→ TASK DIRECTIONS
Please reproduce the full set of data below exactly.

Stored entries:
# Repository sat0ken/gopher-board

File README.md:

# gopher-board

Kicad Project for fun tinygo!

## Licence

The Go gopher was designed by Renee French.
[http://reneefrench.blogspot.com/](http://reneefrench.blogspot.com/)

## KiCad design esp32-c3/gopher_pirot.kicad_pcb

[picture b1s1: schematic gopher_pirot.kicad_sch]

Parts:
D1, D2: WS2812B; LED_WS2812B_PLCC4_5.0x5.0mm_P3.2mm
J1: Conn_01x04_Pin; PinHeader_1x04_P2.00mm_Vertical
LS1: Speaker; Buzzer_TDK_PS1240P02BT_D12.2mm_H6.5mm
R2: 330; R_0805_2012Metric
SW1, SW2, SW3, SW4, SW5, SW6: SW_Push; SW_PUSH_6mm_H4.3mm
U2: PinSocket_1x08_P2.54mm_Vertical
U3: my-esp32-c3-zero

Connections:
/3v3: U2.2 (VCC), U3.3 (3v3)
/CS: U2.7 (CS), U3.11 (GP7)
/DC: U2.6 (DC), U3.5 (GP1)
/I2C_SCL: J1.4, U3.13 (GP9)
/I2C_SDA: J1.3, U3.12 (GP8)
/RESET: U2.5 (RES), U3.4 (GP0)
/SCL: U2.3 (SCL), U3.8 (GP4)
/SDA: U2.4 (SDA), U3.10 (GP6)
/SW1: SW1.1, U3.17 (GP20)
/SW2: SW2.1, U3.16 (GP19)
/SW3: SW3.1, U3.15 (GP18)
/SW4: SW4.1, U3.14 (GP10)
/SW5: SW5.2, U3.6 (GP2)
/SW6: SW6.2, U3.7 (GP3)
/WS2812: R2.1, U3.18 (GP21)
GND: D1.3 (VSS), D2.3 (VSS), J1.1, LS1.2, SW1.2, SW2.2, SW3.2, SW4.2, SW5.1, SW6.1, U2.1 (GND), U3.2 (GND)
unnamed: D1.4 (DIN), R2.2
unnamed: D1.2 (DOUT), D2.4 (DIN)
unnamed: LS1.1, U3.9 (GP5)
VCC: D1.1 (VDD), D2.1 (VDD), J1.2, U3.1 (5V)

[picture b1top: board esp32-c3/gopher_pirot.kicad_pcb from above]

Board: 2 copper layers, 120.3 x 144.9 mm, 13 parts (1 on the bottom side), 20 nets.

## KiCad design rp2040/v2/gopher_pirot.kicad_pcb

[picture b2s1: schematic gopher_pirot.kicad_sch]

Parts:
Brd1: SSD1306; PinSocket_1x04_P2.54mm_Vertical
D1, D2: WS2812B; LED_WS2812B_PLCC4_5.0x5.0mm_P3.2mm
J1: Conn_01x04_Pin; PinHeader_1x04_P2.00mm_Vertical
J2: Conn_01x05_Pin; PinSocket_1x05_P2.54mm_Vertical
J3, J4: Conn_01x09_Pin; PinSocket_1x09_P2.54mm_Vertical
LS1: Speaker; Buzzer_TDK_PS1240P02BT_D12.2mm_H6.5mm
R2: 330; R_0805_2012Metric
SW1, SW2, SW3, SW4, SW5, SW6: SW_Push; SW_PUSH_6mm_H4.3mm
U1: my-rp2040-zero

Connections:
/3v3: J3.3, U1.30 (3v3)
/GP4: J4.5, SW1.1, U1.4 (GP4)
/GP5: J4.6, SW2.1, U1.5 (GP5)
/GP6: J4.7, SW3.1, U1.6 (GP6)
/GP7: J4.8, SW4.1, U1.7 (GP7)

→ RESPONSE
# Repository sat0ken/gopher-board

File README.md:

# gopher-board

Kicad Project for fun tinygo!

## Licence

The Go gopher was designed by Renee French.
[http://reneefrench.blogspot.com/](http://reneefrench.blogspot.com/)

## KiCad design esp32-c3/gopher_pirot.kicad_pcb

[picture b1s1: schematic gopher_pirot.kicad_sch]

Parts:
D1, D2: WS2812B; LED_WS2812B_PLCC4_5.0x5.0mm_P3.2mm
J1: Conn_01x04_Pin; PinHeader_1x04_P2.00mm_Vertical
LS1: Speaker; Buzzer_TDK_PS1240P02BT_D12.2mm_H6.5mm
R2: 330; R_0805_2012Metric
SW1, SW2, SW3, SW4, SW5, SW6: SW_Push; SW_PUSH_6mm_H4.3mm
U2: PinSocket_1x08_P2.54mm_Vertical
U3: my-esp32-c3-zero

Connections:
/3v3: U2.2 (VCC), U3.3 (3v3)
/CS: U2.7 (CS), U3.11 (GP7)
/DC: U2.6 (DC), U3.5 (GP1)
/I2C_SCL: J1.4, U3.13 (GP9)
/I2C_SDA: J1.3, U3.12 (GP8)
/RESET: U2.5 (RES), U3.4 (GP0)
/SCL: U2.3 (SCL), U3.8 (GP4)
/SDA: U2.4 (SDA), U3.10 (GP6)
/SW1: SW1.1, U3.17 (GP20)
/SW2: SW2.1, U3.16 (GP19)
/SW3: SW3.1, U3.15 (GP18)
/SW4: SW4.1, U3.14 (GP10)
/SW5: SW5.2, U3.6 (GP2)
/SW6: SW6.2, U3.7 (GP3)
/WS2812: R2.1, U3.18 (GP21)
GND: D1.3 (VSS), D2.3 (VSS), J1.1, LS1.2, SW1.2, SW2.2, SW3.2, SW4.2, SW5.1, SW6.1, U2.1 (GND), U3.2 (GND)
unnamed: D1.4 (DIN), R2.2
unnamed: D1.2 (DOUT), D2.4 (DIN)
unnamed: LS1.1, U3.9 (GP5)
VCC: D1.1 (VDD), D2.1 (VDD), J1.2, U3.1 (5V)

[picture b1top: board esp32-c3/gopher_pirot.kicad_pcb from above]

Board: 2 copper layers, 120.3 x 144.9 mm, 13 parts (1 on the bottom side), 20 nets.

## KiCad design rp2040/v2/gopher_pirot.kicad_pcb

[picture b2s1: schematic gopher_pirot.kicad_sch]

Parts:
Brd1: SSD1306; PinSocket_1x04_P2.54mm_Vertical
D1, D2: WS2812B; LED_WS2812B_PLCC4_5.0x5.0mm_P3.2mm
J1: Conn_01x04_Pin; PinHeader_1x04_P2.00mm_Vertical
J2: Conn_01x05_Pin; PinSocket_1x05_P2.54mm_Vertical
J3, J4: Conn_01x09_Pin; PinSocket_1x09_P2.54mm_Vertical
LS1: Speaker; Buzzer_TDK_PS1240P02BT_D12.2mm_H6.5mm
R2: 330; R_0805_2012Metric
SW1, SW2, SW3, SW4, SW5, SW6: SW_Push; SW_PUSH_6mm_H4.3mm
U1: my-rp2040-zero

Connections:
/3v3: J3.3, U1.30 (3v3)
/GP4: J4.5, SW1.1, U1.4 (GP4)
/GP5: J4.6, SW2.1, U1.5 (GP5)
/GP6: J4.7, SW3.1, U1.6 (GP6)
/GP7: J4.8, SW4.1, U1.7 (GP7)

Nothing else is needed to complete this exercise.